— И что, так и не догадался, кто это сделал?
— Нет. Но с женой стал себя аккуратнее вести, видимо, все-таки дошло до него что-то. А еще однажды вот такой случай был: завезли в наш магазин мясо говяжье. Ну, стоит Танюшка в очереди, а перед ней ее подруга. Танюшка возьми, да заверни кусок кирпича в промасленную бумагу и брось ей в сумку. А в сумке в такой же бумаге мясо кусками. Ну, день она ждет, два ждет — а подруга ей ничего не говорит. Вроде как ничего не заметила. Странно, конечно, ну да ладно. И тут где-то через месяц прибегает к нам в гости эта самая подруга, смеется аж до слез и спрашивает, не Танька ли ей кирпич подложила. Спрашиваем, в чем дело.

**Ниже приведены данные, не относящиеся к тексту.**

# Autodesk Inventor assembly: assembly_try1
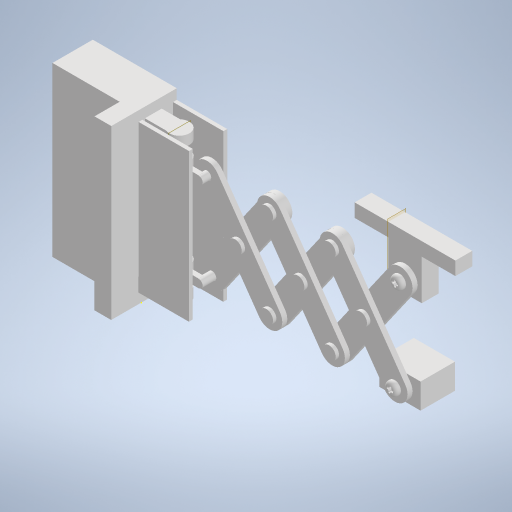
[picture p0: Inventor's stored thumbnail of the model, 512x512]
Saved by Autodesk Inventor 2024 (Build 280153000, 153)
## iProperties
Created: 2024-02-29
Part Number: assembly_try1
Document SubType Name: Assembly
Designer: clbri
Author: clbri
## Documents named in this file (12)
- C:\Users\clbri\Downloads\assembly_try1.iam
- C:\Users\clbri\Downloads\saanvi\top_bracket.ipt
- C:\Users\clbri\Downloads\saanvi\DP3_linkage_extruded.ipt
- C:\Users\clbri\Downloads\saanvi\Team5_screw.ipt
- C:\Users\clbri\Downloads\saanvi\bracket_bottom1.ipt
- C:\Users\clbri\Downloads\saanvi\linkage_bolt_nut.ipt
- C:\Users\clbri\Downloads\saanvi\link_nut_bolt_end.ipt
- C:\Users\clbri\Downloads\saanvi\link_end_fixation.ipt
- C:\Users\clbri\Downloads\saanvi\guide_rod.ipt
- C:\Users\clbri\Downloads\saanvi\link_end_fixation_extended.ipt
- C:\Users\clbri\Downloads\saanvi\rod_end_fixation.ipt
- C:\Users\clbri\Downloads\saanvi\guided hand 2.ipt
## Components (32 placed, 11 different names)
1. top_bracket:1 — Mate:1, Mate:2, Flush:1
2. DP3_linkage_extruded:1 — Mate:1, Mate:2, Mate:3, Mate:4, Mate:5, Mate:6, Mate:11, Mate:12, Mate:24, Mate:48, Mate:49
3. DP3_linkage_extruded:2 — Mate:14, Mate:15, Mate:17, Mate:22, Mate:25, Mate:28, Mate:30, Mate:32, Mate:34, Angle:4, Angle:5
4. DP3_linkage_extruded:3 — Mate:15, Mate:16, Mate:18, Mate:21, Mate:25, Mate:27, Mate:45, Mate:46, Mate:47, Angle:4, Angle:5
5. DP3_linkage_extruded:4 — Mate:5, Mate:6, Mate:7, Mate:9, Mate:10, Mate:13, Mate:24, Mate:27, Mate:29, Mate:35
6. DP3_linkage_extruded:5 — Mate:17, Mate:19, Mate:23, Mate:26, Mate:28, Mate:37, Mate:39, Mate:56, Mate:60, Angle:3
7. DP3_linkage_extruded:6 — Mate:18, Mate:19, Mate:20, Mate:26, Mate:31, Mate:33, Mate:50, Mate:55, Angle:3
8. Team5_screw:1 — Mate:8, Mate:9
9. Team5_screw:2 — Mate:3, Mate:4
10. bracket_bottom1:1 — Mate:7, Mate:8, Mate:10, Flush:1
11. linkage_bolt_nut:1 — Mate:22, Mate:32, Mate:36
12. linkage_bolt_nut:2 — Mate:23, Mate:31, Mate:38
13. linkage_bolt_nut:6 — Mate:21, Mate:30, Mate:43
14. linkage_bolt_nut:7 — Mate:20, Mate:33, Mate:40
15. linkage_bolt_nut:8 — Mate:11, Mate:35, Mate:42
16. linkage_bolt_nut:9 — Mate:13, Mate:16, Mate:29, Mate:44
17. linkage_bolt_nut:10 — Mate:12, Mate:14, Mate:34, Mate:41
18. link_nut_bolt_end:2 — Mate:38, Mate:39
19. link_nut_bolt_end:3 — Mate:44, Mate:45
20. link_nut_bolt_end:4 — Mate:42, Mate:48
21. link_nut_bolt_end:5 — Mate:43, Mate:46
22. link_nut_bolt_end:6 — Mate:40, Mate:47
23. link_nut_bolt_end:7 — Mate:41, Mate:49
24. link_nut_bolt_end:8 — Mate:36, Mate:37
25. link_end_fixation:1 — Mate:50, Mate:52, Mate:54, Flush:2, Mate:57, Angle:1, Mate:66
26. link_nut_bolt_end:9 — Mate:56, Mate:59
27. link_nut_bolt_end:10 — Mate:52, Mate:54, Mate:55, Flush:2
28. guide_rod:1 — Mate:57, Mate:58, Mate:61, Mate:62, Mate:63, Mate:64
29. link_end_fixation_extended:1 — Mate:58, Mate:59, Mate:60, Angle:2, Mate:65
30. rod_end_fixation:1 — Mate:61, Mate:62, Angle:1, Mate:66, Mate:67, Mate:68, Mate:69
31. rod_end_fixation:2 — Mate:63, Mate:64, Angle:2, Mate:65
32. guided hand 2:1 — Mate:67, Mate:68, Mate:69
## Relationships (74: Mate 67, Angle 5, Flush 2)
- Mate:1: top_bracket:1 ↔ DP3_linkage_extruded:1
- Mate:2: top_bracket:1 ↔ DP3_linkage_extruded:1
- Mate:3: DP3_linkage_extruded:1 ↔ Team5_screw:2
- Mate:4: DP3_linkage_extruded:1 ↔ Team5_screw:2
- Mate:5: DP3_linkage_extruded:1 ↔ DP3_linkage_extruded:4
- Mate:6: DP3_linkage_extruded:1 ↔ DP3_linkage_extruded:4
- Mate:7: DP3_linkage_extruded:4 ↔ bracket_bottom1:1
- Mate:8: Team5_screw:1 ↔ bracket_bottom1:1
- Mate:9: DP3_linkage_extruded:4 ↔ Team5_screw:1
- Mate:10: DP3_linkage_extruded:4 ↔ bracket_bottom1:1
- Mate:11: DP3_linkage_extruded:1 ↔ linkage_bolt_nut:8
- Mate:12: DP3_linkage_extruded:1 ↔ linkage_bolt_nut:10
- Mate:13: DP3_linkage_extruded:4 ↔ linkage_bolt_nut:9
- Flush:1 (2.25 mm): top_bracket:1 ↔ bracket_bottom1:1
- Mate:14: DP3_linkage_extruded:2 ↔ linkage_bolt_nut:10
- Mate:15: DP3_linkage_extruded:2 ↔ DP3_linkage_extruded:3
- Mate:16: DP3_linkage_extruded:3 ↔ linkage_bolt_nut:9
- Mate:17: DP3_linkage_extruded:2 ↔ DP3_linkage_extruded:5
- Mate:18: DP3_linkage_extruded:3 ↔ DP3_linkage_extruded:6
- Mate:19: DP3_linkage_extruded:5 ↔ DP3_linkage_extruded:6
- Mate:20: DP3_linkage_extruded:6 ↔ linkage_bolt_nut:7
- Mate:21: DP3_linkage_extruded:3 ↔ linkage_bolt_nut:6
- Mate:22: DP3_linkage_extruded:2 ↔ linkage_bolt_nut:1
- Mate:23: DP3_linkage_extruded:5 ↔ linkage_bolt_nut:2
- Mate:24: DP3_linkage_extruded:1 ↔ DP3_linkage_extruded:4
- Mate:25: DP3_linkage_extruded:2 ↔ DP3_linkage_extruded:3
- Mate:26: DP3_linkage_extruded:5 ↔ DP3_linkage_extruded:6
- Mate:27: DP3_linkage_extruded:3 ↔ DP3_linkage_extruded:4
- Mate:28: DP3_linkage_extruded:2 ↔ DP3_linkage_extruded:5
- Mate:29: DP3_linkage_extruded:4 ↔ linkage_bolt_nut:9
- Mate:30: DP3_linkage_extruded:2 ↔ linkage_bolt_nut:6
- Mate:31: DP3_linkage_extruded:6 ↔ linkage_bolt_nut:2
- Mate:32: DP3_linkage_extruded:2 ↔ linkage_bolt_nut:1
- Mate:33: DP3_linkage_extruded:6 ↔ linkage_bolt_nut:7
- Mate:34: DP3_linkage_extruded:2 ↔ linkage_bolt_nut:10
- Mate:35: DP3_linkage_extruded:4 ↔ linkage_bolt_nut:8
- Mate:36: linkage_bolt_nut:1 ↔ link_nut_bolt_end:8
- Mate:37: DP3_linkage_extruded:5 ↔ link_nut_bolt_end:8
- Mate:38: linkage_bolt_nut:2 ↔ link_nut_bolt_end:2
- Mate:39: DP3_linkage_extruded:5 ↔ link_nut_bolt_end:2
- Mate:40: linkage_bolt_nut:7 ↔ link_nut_bolt_end:6
- Mate:41: linkage_bolt_nut:10 ↔ link_nut_bolt_end:7
- Mate:42: linkage_bolt_nut:8 ↔ link_nut_bolt_end:4
- Mate:43: linkage_bolt_nut:6 ↔ link_nut_bolt_end:5
- Mate:44: linkage_bolt_nut:9 ↔ link_nut_bolt_end:3
- Mate:45: DP3_linkage_extruded:3 ↔ link_nut_bolt_end:3
- Mate:46: DP3_linkage_extruded:3 ↔ link_nut_bolt_end:5
- Mate:47: DP3_linkage_extruded:3 ↔ link_nut_bolt_end:6
- Mate:48: DP3_linkage_extruded:1 ↔ link_nut_bolt_end:4
- Mate:49: DP3_linkage_extruded:1 ↔ link_nut_bolt_end:7
- Mate:50: DP3_linkage_extruded:6 ↔ link_end_fixation:1
- Mate:52: link_end_fixation:1 ↔ link_nut_bolt_end:10
- Mate:54: link_end_fixation:1 ↔ link_nut_bolt_end:10
- Mate:55: DP3_linkage_extruded:6 ↔ link_nut_bolt_end:10
- Flush:2: link_end_fixation:1 ↔ link_nut_bolt_end:10
- Mate:56: DP3_linkage_extruded:5 ↔ link_nut_bolt_end:9
- Mate:57: link_end_fixation:1 ↔ guide_rod:1
- Mate:58: guide_rod:1 ↔ link_end_fixation_extended:1
- Mate:59: link_nut_bolt_end:9 ↔ link_end_fixation_extended:1
- Mate:60: DP3_linkage_extruded:5 ↔ link_end_fixation_extended:1
- Mate:61: guide_rod:1 ↔ rod_end_fixation:1
- Mate:62: guide_rod:1 ↔ rod_end_fixation:1
- Mate:63: guide_rod:1 ↔ rod_end_fixation:2
- Mate:64: guide_rod:1 ↔ rod_end_fixation:2
- Angle:1 (180 deg): link_end_fixation:1 ↔ rod_end_fixation:1
- Angle:2 (0 deg): link_end_fixation_extended:1 ↔ rod_end_fixation:2
- Mate:65: link_end_fixation_extended:1 ↔ rod_end_fixation:2
- Mate:66: link_end_fixation:1 ↔ rod_end_fixation:1
- Mate:67: rod_end_fixation:1 ↔ guided hand 2:1
- Mate:68: rod_end_fixation:1 ↔ guided hand 2:1
- Mate:69 (40 mm): rod_end_fixation:1 ↔ guided hand 2:1
- Angle:3 (0 deg): DP3_linkage_extruded:5 ↔ DP3_linkage_extruded:6
- Angle:4 (0 deg): DP3_linkage_extruded:2 ↔ DP3_linkage_extruded:3
- Angle:5 (0 deg): DP3_linkage_extruded:2 ↔ DP3_linkage_extruded:3
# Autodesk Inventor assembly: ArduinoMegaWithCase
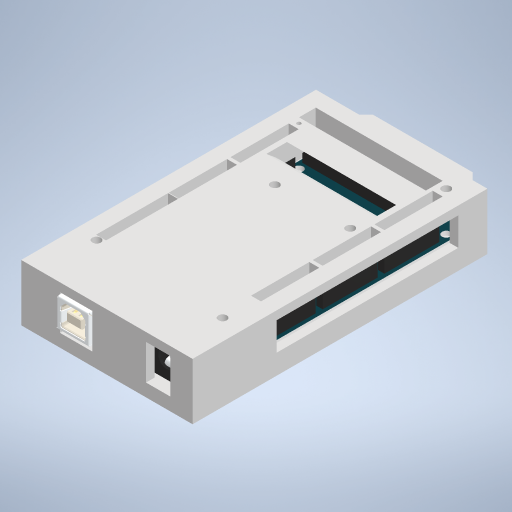
[picture p0: Inventor's stored thumbnail of the model, 512x512]
Saved by Autodesk Inventor 2024 (Build 280153000, 153)
## iProperties
Created: 2023-07-08
Part Number: ArduinoMegaWithCase
Document SubType Name: Assembly
Designer: 18179
Author: 18179
## Documents named in this file (4)
- C:\Users\18179\Desktop\TuppyMkIV\ArduinoMegaWithCase.iam
- C:\Users\18179\Desktop\TuppyMkIV\ArduinoMegaCaseBottom.ipt
- C:\Users\18179\Downloads\arduino-mega-2560-9.snapshot.4\arduino_MEGA2560\arduino_MEGA2560.iam
- C:\Users\18179\Desktop\TuppyMkIV\ArduinoMegaCaseTop.ipt
## Components (3 placed, 3 different names)
1. arduino_MEGA2560:1 [sub-assembly] — Mate:1, Mate:2, Mate:3
2. ArduinoMegaCaseBottom:1 — Mate:1, Mate:2, Mate:3, Mate:4, Flush:1, Flush:2
3. ArduinoMegaCaseTop:1 — Mate:4, Flush:1, Flush:2
## Relationships (6: Mate 4, Flush 2)
- Mate:1: arduino_MEGA2560:1 ↔ ArduinoMegaCaseBottom:1
- Mate:2: arduino_MEGA2560:1 ↔ ArduinoMegaCaseBottom:1
- Mate:3: arduino_MEGA2560:1 ↔ ArduinoMegaCaseBottom:1
- Mate:4: ArduinoMegaCaseBottom:1 ↔ ArduinoMegaCaseTop:1
- Flush:1: ArduinoMegaCaseBottom:1 ↔ ArduinoMegaCaseTop:1
- Flush:2: ArduinoMegaCaseBottom:1 ↔ ArduinoMegaCaseTop:1
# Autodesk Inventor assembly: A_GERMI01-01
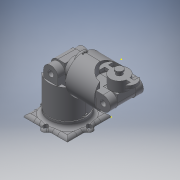
[picture p0: Inventor's stored thumbnail of the model, 180x180]
Saved by Autodesk Inventor 2016 (Build 200138000, 138)
## iProperties
Created: 2016-11-08
Part Number: A_GERMI01-01
Document SubType Name: Assembly
Designer: Kai
Author: Kai
## Documents named in this file (4)
- X:\GERMI\Project--Germi\A_GERMI01-01.iam
- X:\GERMI\Project--Germi\GERMI01-01-01.ipt
- X:\GERMI\Project--Germi\GERMI01-02-01.ipt
- X:\GERMI\Project--Germi\Germi01-03-01.ipt
## Components (7 placed, 3 different names)
1. GERMI01-01-01:1 — Insert:1
2. GERMI01-02-01:1 — Mate:1
3. GERMI01-02-01:2 — Insert:1, Mate:1, Mate:2
4. Germi01-03-01:1 — Mate:2, Insert:2
5. GERMI01-02-01:3 — Insert:2, Mate:3, Insert:3
6. GERMI01-02-01:4 — Mate:3
7. Germi01-03-01:2 — Insert:3
## Relationships (6: Insert 3, Mate 3)
- Insert:1: GERMI01-01-01:1 ↔ GERMI01-02-01:2
- Mate:1: GERMI01-02-01:1 ↔ GERMI01-02-01:2
- Mate:2: GERMI01-02-01:2 ↔ Germi01-03-01:1
- Insert:2: Germi01-03-01:1 ↔ GERMI01-02-01:3
- Mate:3: GERMI01-02-01:3 ↔ GERMI01-02-01:4
- Insert:3: GERMI01-02-01:3 ↔ Germi01-03-01:2

Оказалось, она все, что у нее в сумке было, сразу в морозильник положила, не разбирая. И кирпич самым последним оказался. Мясо съели, и тут ее мужу приспичило суп сварить. А надо сказать, за воротник он крепко закладывал, и когда суп готовить начал, уже был изрядно под мухой. Ну, варит он суп, варит, пробует — а на вкус все не то и не то. Три часа варил — без толку. Тут жена его с работы пришла, он к ней жаловаться. Ну, она-то быстро разобралась, в чем дело. Мы потом долго этот случай вспоминали и смеялись.
— Вы жену часто вспоминаете?
— Да. Каждый день. В первые дни, как мы ее схоронили, я на Танюшино лицо и взгляд поднять не мог. Сразу слезы подступают, в горле ком. Счастливо мы жили, очень счастливо. Такая любовь не каждому дается. Повезло нам. Ладно, хватить балясничать, есть надо.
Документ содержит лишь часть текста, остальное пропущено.